DESCRIPTION OF THE TASK: List all the lines in these records that hold "Altium".

╔══

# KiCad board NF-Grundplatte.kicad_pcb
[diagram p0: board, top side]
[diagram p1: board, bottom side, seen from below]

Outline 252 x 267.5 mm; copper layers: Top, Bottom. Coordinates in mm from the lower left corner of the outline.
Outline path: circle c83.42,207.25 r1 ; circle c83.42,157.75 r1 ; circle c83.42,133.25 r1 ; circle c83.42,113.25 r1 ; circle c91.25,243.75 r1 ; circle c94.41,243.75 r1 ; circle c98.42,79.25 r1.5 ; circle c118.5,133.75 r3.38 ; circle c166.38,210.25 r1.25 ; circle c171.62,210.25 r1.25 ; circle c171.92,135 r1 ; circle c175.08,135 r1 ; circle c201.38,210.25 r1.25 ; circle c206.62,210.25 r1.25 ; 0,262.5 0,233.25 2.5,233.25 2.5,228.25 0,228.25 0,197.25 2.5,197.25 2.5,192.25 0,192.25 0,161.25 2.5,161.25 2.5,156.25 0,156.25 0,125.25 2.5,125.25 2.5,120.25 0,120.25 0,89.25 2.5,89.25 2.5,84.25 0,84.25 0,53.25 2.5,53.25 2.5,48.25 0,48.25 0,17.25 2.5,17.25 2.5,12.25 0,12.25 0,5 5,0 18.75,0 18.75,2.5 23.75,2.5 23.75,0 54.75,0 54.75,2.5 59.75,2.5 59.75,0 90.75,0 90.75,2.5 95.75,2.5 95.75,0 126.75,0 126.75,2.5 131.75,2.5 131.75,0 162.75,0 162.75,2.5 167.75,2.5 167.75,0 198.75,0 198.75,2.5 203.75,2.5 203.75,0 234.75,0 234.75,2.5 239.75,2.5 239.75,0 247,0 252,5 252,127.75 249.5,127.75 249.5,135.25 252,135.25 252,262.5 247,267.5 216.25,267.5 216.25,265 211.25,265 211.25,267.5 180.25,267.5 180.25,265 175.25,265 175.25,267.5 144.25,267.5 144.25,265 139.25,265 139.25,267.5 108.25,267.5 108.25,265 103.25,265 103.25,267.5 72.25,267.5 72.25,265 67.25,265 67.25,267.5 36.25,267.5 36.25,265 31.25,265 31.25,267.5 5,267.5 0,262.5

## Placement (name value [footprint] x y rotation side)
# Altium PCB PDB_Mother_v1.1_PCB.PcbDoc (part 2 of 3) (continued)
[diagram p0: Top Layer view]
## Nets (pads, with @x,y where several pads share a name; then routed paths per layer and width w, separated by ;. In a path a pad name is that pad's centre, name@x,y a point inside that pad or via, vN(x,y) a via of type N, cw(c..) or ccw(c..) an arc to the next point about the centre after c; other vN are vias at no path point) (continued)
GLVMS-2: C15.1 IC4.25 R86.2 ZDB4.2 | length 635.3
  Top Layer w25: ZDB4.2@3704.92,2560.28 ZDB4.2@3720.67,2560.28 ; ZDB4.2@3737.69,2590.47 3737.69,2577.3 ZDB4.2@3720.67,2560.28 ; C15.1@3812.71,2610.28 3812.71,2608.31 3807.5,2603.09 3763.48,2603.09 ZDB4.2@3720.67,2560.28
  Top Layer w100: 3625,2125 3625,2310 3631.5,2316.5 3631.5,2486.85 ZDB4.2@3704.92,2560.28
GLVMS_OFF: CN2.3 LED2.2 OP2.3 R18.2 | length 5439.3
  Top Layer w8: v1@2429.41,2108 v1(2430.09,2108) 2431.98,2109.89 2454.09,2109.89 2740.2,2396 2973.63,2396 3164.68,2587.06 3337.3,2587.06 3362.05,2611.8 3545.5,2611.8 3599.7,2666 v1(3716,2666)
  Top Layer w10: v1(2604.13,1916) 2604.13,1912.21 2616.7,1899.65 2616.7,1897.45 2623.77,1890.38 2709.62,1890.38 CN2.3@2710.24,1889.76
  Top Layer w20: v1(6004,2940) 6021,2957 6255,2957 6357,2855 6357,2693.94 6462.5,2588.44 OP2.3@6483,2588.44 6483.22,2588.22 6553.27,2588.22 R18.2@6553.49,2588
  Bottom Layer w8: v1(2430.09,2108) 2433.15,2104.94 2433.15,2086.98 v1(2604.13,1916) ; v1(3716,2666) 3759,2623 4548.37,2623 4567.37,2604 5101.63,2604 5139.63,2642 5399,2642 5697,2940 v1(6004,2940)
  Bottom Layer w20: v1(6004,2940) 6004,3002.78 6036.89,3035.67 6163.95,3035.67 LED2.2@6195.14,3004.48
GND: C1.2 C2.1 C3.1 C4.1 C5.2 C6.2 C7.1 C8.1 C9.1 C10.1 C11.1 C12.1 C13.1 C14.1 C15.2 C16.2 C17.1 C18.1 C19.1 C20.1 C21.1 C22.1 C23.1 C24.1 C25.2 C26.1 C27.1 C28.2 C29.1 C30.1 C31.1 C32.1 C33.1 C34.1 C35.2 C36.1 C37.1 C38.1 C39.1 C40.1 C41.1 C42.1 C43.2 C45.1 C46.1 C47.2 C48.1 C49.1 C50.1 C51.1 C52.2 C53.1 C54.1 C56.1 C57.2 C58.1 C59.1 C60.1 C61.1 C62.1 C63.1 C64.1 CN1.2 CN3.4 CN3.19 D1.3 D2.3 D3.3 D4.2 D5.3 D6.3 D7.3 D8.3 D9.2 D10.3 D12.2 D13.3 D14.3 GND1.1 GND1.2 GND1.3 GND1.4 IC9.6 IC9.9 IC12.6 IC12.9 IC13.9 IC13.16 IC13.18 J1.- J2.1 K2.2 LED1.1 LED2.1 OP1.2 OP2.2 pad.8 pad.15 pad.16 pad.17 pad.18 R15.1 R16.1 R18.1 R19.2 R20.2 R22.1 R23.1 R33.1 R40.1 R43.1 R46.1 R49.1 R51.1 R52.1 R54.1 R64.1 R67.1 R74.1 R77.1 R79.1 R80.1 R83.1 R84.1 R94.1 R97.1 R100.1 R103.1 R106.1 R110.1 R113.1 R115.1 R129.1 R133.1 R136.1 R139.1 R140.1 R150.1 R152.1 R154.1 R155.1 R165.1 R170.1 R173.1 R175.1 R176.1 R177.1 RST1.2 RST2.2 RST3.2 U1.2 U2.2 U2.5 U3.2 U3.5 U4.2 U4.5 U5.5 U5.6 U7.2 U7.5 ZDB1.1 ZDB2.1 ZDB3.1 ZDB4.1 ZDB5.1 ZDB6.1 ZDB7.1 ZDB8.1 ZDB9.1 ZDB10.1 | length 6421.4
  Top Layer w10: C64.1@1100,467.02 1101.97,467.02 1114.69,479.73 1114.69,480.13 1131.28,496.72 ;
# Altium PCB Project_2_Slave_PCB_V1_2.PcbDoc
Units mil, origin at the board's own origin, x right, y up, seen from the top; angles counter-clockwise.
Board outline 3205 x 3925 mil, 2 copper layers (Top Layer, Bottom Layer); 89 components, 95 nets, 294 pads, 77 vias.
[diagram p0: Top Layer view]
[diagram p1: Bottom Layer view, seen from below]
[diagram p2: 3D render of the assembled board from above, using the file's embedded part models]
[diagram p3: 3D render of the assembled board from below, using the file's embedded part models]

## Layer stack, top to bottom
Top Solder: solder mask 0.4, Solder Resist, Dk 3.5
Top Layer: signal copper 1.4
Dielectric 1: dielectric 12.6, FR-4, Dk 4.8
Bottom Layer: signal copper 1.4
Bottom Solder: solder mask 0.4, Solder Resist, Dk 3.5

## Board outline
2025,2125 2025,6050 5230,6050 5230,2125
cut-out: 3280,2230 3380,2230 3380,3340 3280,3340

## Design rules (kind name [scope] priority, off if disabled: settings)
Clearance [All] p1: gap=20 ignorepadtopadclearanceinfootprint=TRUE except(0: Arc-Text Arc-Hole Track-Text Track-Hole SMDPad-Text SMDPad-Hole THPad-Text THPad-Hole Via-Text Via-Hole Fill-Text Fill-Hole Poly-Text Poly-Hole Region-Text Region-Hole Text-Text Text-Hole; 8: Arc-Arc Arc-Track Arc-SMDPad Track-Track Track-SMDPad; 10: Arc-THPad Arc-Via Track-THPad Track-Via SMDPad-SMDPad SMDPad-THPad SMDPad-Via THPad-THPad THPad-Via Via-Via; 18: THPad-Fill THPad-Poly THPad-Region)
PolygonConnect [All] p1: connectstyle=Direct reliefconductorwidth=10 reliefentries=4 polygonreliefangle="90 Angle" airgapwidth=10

╚══

TASK SOLUTION:
# Altium PCB PDB_Mother_v1.1_PCB.PcbDoc (part 2 of 3) (continued)
# Altium PCB Project_2_Slave_PCB_V1_2.PcbDoc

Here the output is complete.